Una ola de melancolía la inundó y sintió que,
contra todo pronóstico, iba echarse a llorar. El resentimiento por la muerte de
sus padres, las dificultades que ella y su hermano habían soportado durante
tanto tiempo, la presión que Charlotte sufrió a una edad tan temprana, ya que
había luchado por mantenerlos vestidos y alimentados tanto a sí misma como a
Teddy, y luego él la dejó sola. Había sido más que difícil.
Al fin, tuvo un éxito moderado en lo único que le
importaba y que le exigía todo su tiempo y concentración, su escritura solo
para que otra muerte horrible hiciera que el ciclo comenzase una vez más. ¿Por
qué siempre le tocaba el extremo pequeño del embudo? ¿Por qué todo debía caer
sobre ella para recoger los pedazos? Pero luego estaba el verdadero dilema de
Thomas y Lily.
¡Quería desmayarse en ese mismo momento! En vez de
eso, Charlotte se puso de pie, sin mirar la cara de Reed, el cual ella sabía
que despreciaría lo que él consideraría un egoísmo total.
—Tengo recados que atender.
Charlotte debería haber vuelto a su trabajo, pero
no pudo. Olvidó su sombrero hasta que fue demasiado tarde para volver por él, y
se dirigió a Spring City a pie, a un ritmo lento para despejar su cabeza.
Caminó sin apenas fijarse por dónde iba, mientras resolvía qué ajustes habría
que hacer si los niños se quedaban, además de planear su futuro, cuando fueran
mayores de edad y se marcharan, probablemente para dirigirse al este. Sabía
cómo se sentiría entonces.
Teddy se había ido a los diecisiete años, y ella
había deambulado por la casa durante días preguntándose cómo iba a arreglárselas
con tanto tiempo en sus manos, sin nadie de quien ocuparse.

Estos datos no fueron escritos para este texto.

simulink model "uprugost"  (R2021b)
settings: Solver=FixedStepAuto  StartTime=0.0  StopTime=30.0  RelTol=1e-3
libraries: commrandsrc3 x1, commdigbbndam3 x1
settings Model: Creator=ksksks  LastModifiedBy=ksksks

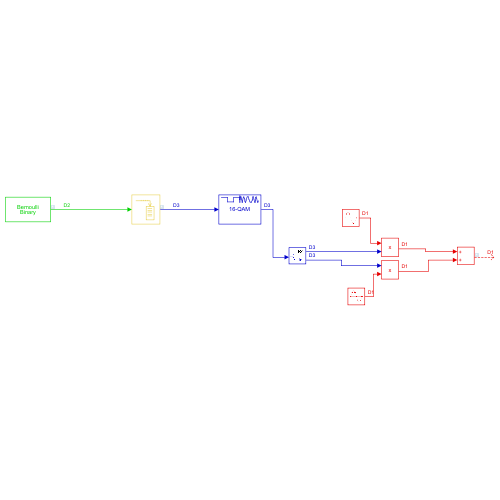
[thumbnail: Simulink's stored preview of the top-level diagram]
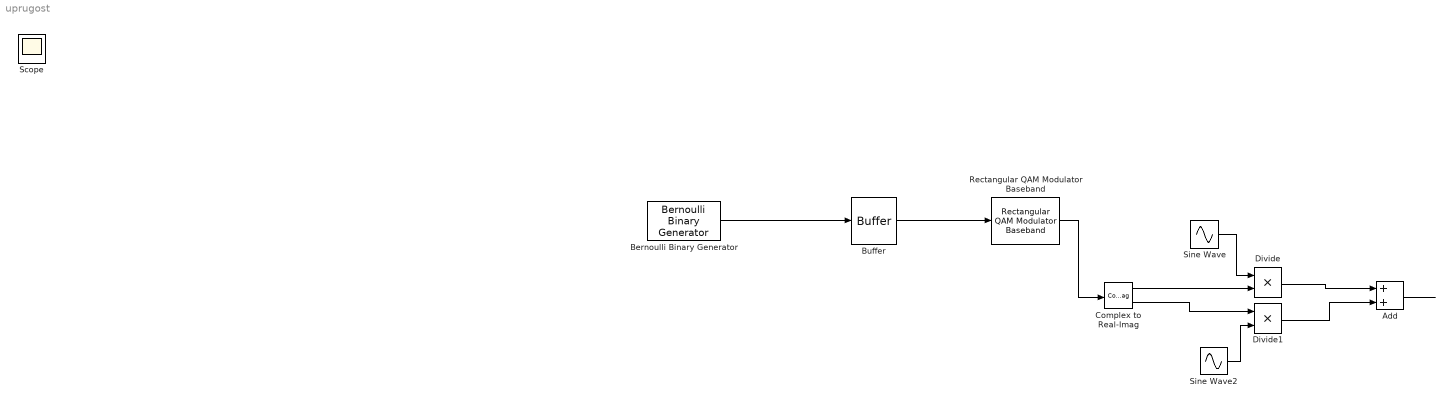
== system uprugost ==
  Add : Sum
  Bernoulli Binary Generator : commrandsrc3/Bernoulli Binary Generator  ProbabilityOfZero=0.5  SeedSource=Auto  Seed=0  SampleTime=1e-6  SamplesPerFrame=1  OutputDataType=double  SimulateUsing=Interpreted execution
  Buffer : Buffer  N=4  OutputFrames=off
  Complex to Real-Imag : ComplexToRealImag
  Divide : Product  Inputs=**
  Divide1 : Product  Inputs=**
  Rectangular QAM Modulator Baseband : commdigbbndam3/Rectangular QAM Modulator Baseband  M=16  InType=Bit  Enc=Gray  Mapping=[0:15]  PowType=Min. distance between symbols  MinDist=2  AvgPow=1  PeakPow=1  Ph=0  outDtype=double  outWordLen=16  outUDDataType=sfix(16)  outFracLenMode=Best precision  outFracLen=15  outDataTypeStr=double  outLastDataTypeStr=double
  Sine Wave : Sin  SineType=Sample based  Samples=20  SampleTime=1e-8
  Sine Wave2 : Sin  SineType=Sample based  Samples=20  SampleTime=1e-8  Offset=5
  Scope : Scope
  wires:
  Bernoulli Binary Generator/1 -> Buffer/1
  Buffer/1 -> Rectangular QAM Modulator Baseband/1
  Rectangular QAM Modulator Baseband/1 -> Complex to Real-Imag/1
  Complex to Real-Imag/1 -> Divide/2
  Sine Wave/1 -> Divide/1
  Complex to Real-Imag/2 -> Divide1/1
  Sine Wave2/1 -> Divide1/2
  Divide/1 -> Add/1
  Divide1/1 -> Add/2
  Add/1 -> ?
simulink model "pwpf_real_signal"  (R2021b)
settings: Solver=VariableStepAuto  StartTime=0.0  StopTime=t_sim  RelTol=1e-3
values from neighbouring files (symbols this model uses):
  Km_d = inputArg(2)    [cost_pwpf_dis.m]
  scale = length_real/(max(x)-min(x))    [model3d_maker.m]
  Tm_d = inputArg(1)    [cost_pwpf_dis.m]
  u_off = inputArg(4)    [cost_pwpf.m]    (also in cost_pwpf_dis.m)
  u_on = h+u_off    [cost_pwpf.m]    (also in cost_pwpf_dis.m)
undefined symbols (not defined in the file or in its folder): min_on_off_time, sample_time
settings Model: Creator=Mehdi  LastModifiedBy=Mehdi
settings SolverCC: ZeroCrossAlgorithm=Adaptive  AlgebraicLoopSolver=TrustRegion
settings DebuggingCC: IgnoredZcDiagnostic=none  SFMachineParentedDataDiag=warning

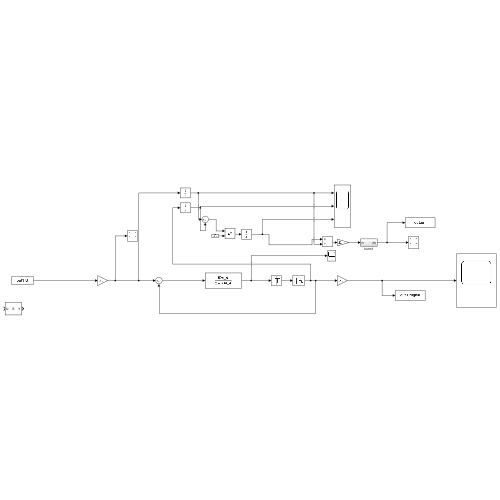
[thumbnail: Simulink's stored preview of the top-level diagram]
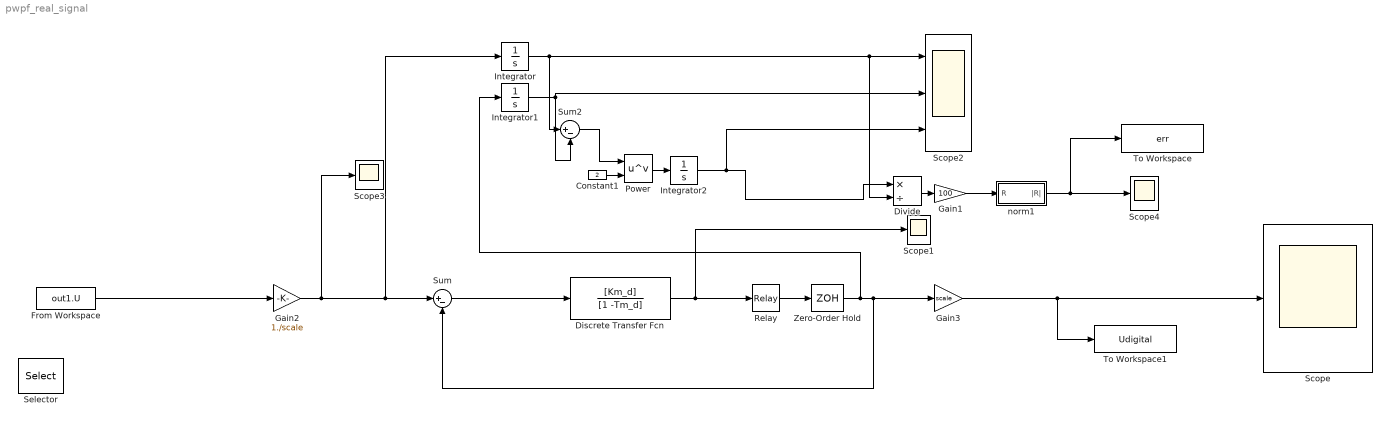
== system pwpf_real_signal ==
  Constant1 : Constant  Value=2  VectorParams1D=off
  Discrete Transfer Fcn : DiscreteTransferFcn  Numerator=[Km_d]  Denominator=[1 -Tm_d]  SampleTime=sample_time
  Divide : Product  Inputs=*/
  From Workspace : FromWorkspace  VariableName=out1.U
  Gain1 : Gain  Gain=100
  Gain2 : Gain  Gain=1./scale
  Gain3 : Gain  Gain=scale
  Integrator : Integrator
  Integrator1 : Integrator
  Integrator2 : Integrator
  Power : Math  Operator=pow  SaturateOnIntegerOverflow=on
  Relay : Relay  OnSwitchValue=u_on  OffSwitchValue=u_off  OnOutputValue=Thrust_digital
  Scope{,1,3..4} (4 alike) : Scope
  Scope2 : Scope  NumInputPorts=3
  Selector : Selector  InputPortWidth=30  IndexOptions=Index vector (dialog)  Indices=1  OutputSizes=1
  Sum : Sum  Inputs=|+-
  Sum2 : Sum  Inputs=|+-
  To Workspace : ToWorkspace  VariableName=err  SaveFormat=Timeseries  SampleTime=-1
      settings: MaxDataPoints=1
  To Workspace1 : ToWorkspace  VariableName=Udigital  SaveFormat=Timeseries  SampleTime=-1
  Zero-Order Hold : ZeroOrderHold  SampleTime=min_on_off_time
  norm1 : Subsystem
  wires:
  Discrete Transfer Fcn/1 -> Relay/1, Scope1/1
  Integrator/1 -> Sum2/1, Divide/2, Scope2/1
  Integrator1/1 -> Sum2/2, Scope2/2
  Sum2/1 -> Power/1
  Power/1 -> Integrator2/1
  Integrator2/1 -> Scope2/3, Divide/1
  Constant1/1 -> Power/2
  Relay/1 -> Zero-Order Hold/1
  Divide/1 -> Gain1/1
  Gain1/1 -> norm1/1(R)
  Sum/1 -> Discrete Transfer Fcn/1
  Zero-Order Hold/1 -> Integrator1/1, Sum/2, Gain3/1
  Gain2/1 -> Scope3/1, Integrator/1, Sum/1
  Gain3/1 -> To Workspace1/1, Scope/1
  norm1/1(|R|) -> To Workspace/1, Scope4/1
  From Workspace/1 -> Gain2/1

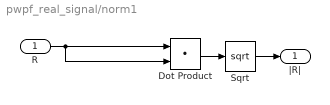
== system pwpf_real_signal/norm1 ==
  R : Inport
  Dot Product : DotProduct  InputSameDT=on  OutDataTypeStr=Inherit: Inherit via internal rule
  Sqrt : Sqrt  OutputSignalType=real  SaturateOnIntegerOverflow=on
  |R| : Outport
  wires:
  Dot Product/1 -> Sqrt/1
  R/1 -> Dot Product/1, Dot Product/2
  Sqrt/1 -> |R|/1

Ya había empezado a
escribir, y empleó todo su tiempo en ese esfuerzo, sometiéndose al criterio de cualquiera
que leyera su trabajo.
En algún momento, el sentimiento de vacío
desapareció. Pero los pequeños querían que ella abriera su corazón de nuevo,
sin reservas. Ella lo sabía instintivamente.
Sin rumbo, Charlotte terminó en el cementerio, a
poca distancia de la ciudad. Soplaba una ligera brisa y podía oler el aroma del
cuidado césped y el frescor de las flores silvestres que bordeaban el área.
Abrió la puerta blanca de la valla que rodeaba las
parcelas de hierba, y se dirigió a las tumbas de sus padres, situadas una al
lado de la otra, juntos en la muerte, como lo habían estado en vida.
John
Sanborn, amante esposo y padre, y Regina Randall Sanborn, amante esposa y madre.
Se suponía que eso lo decía todo, pero no era así. No describía los tiempos
felices en su hogar, con un padre fascinante y una madre hermosa y distinguida,
una dama perteneciente a la más alta sociedad de Boston.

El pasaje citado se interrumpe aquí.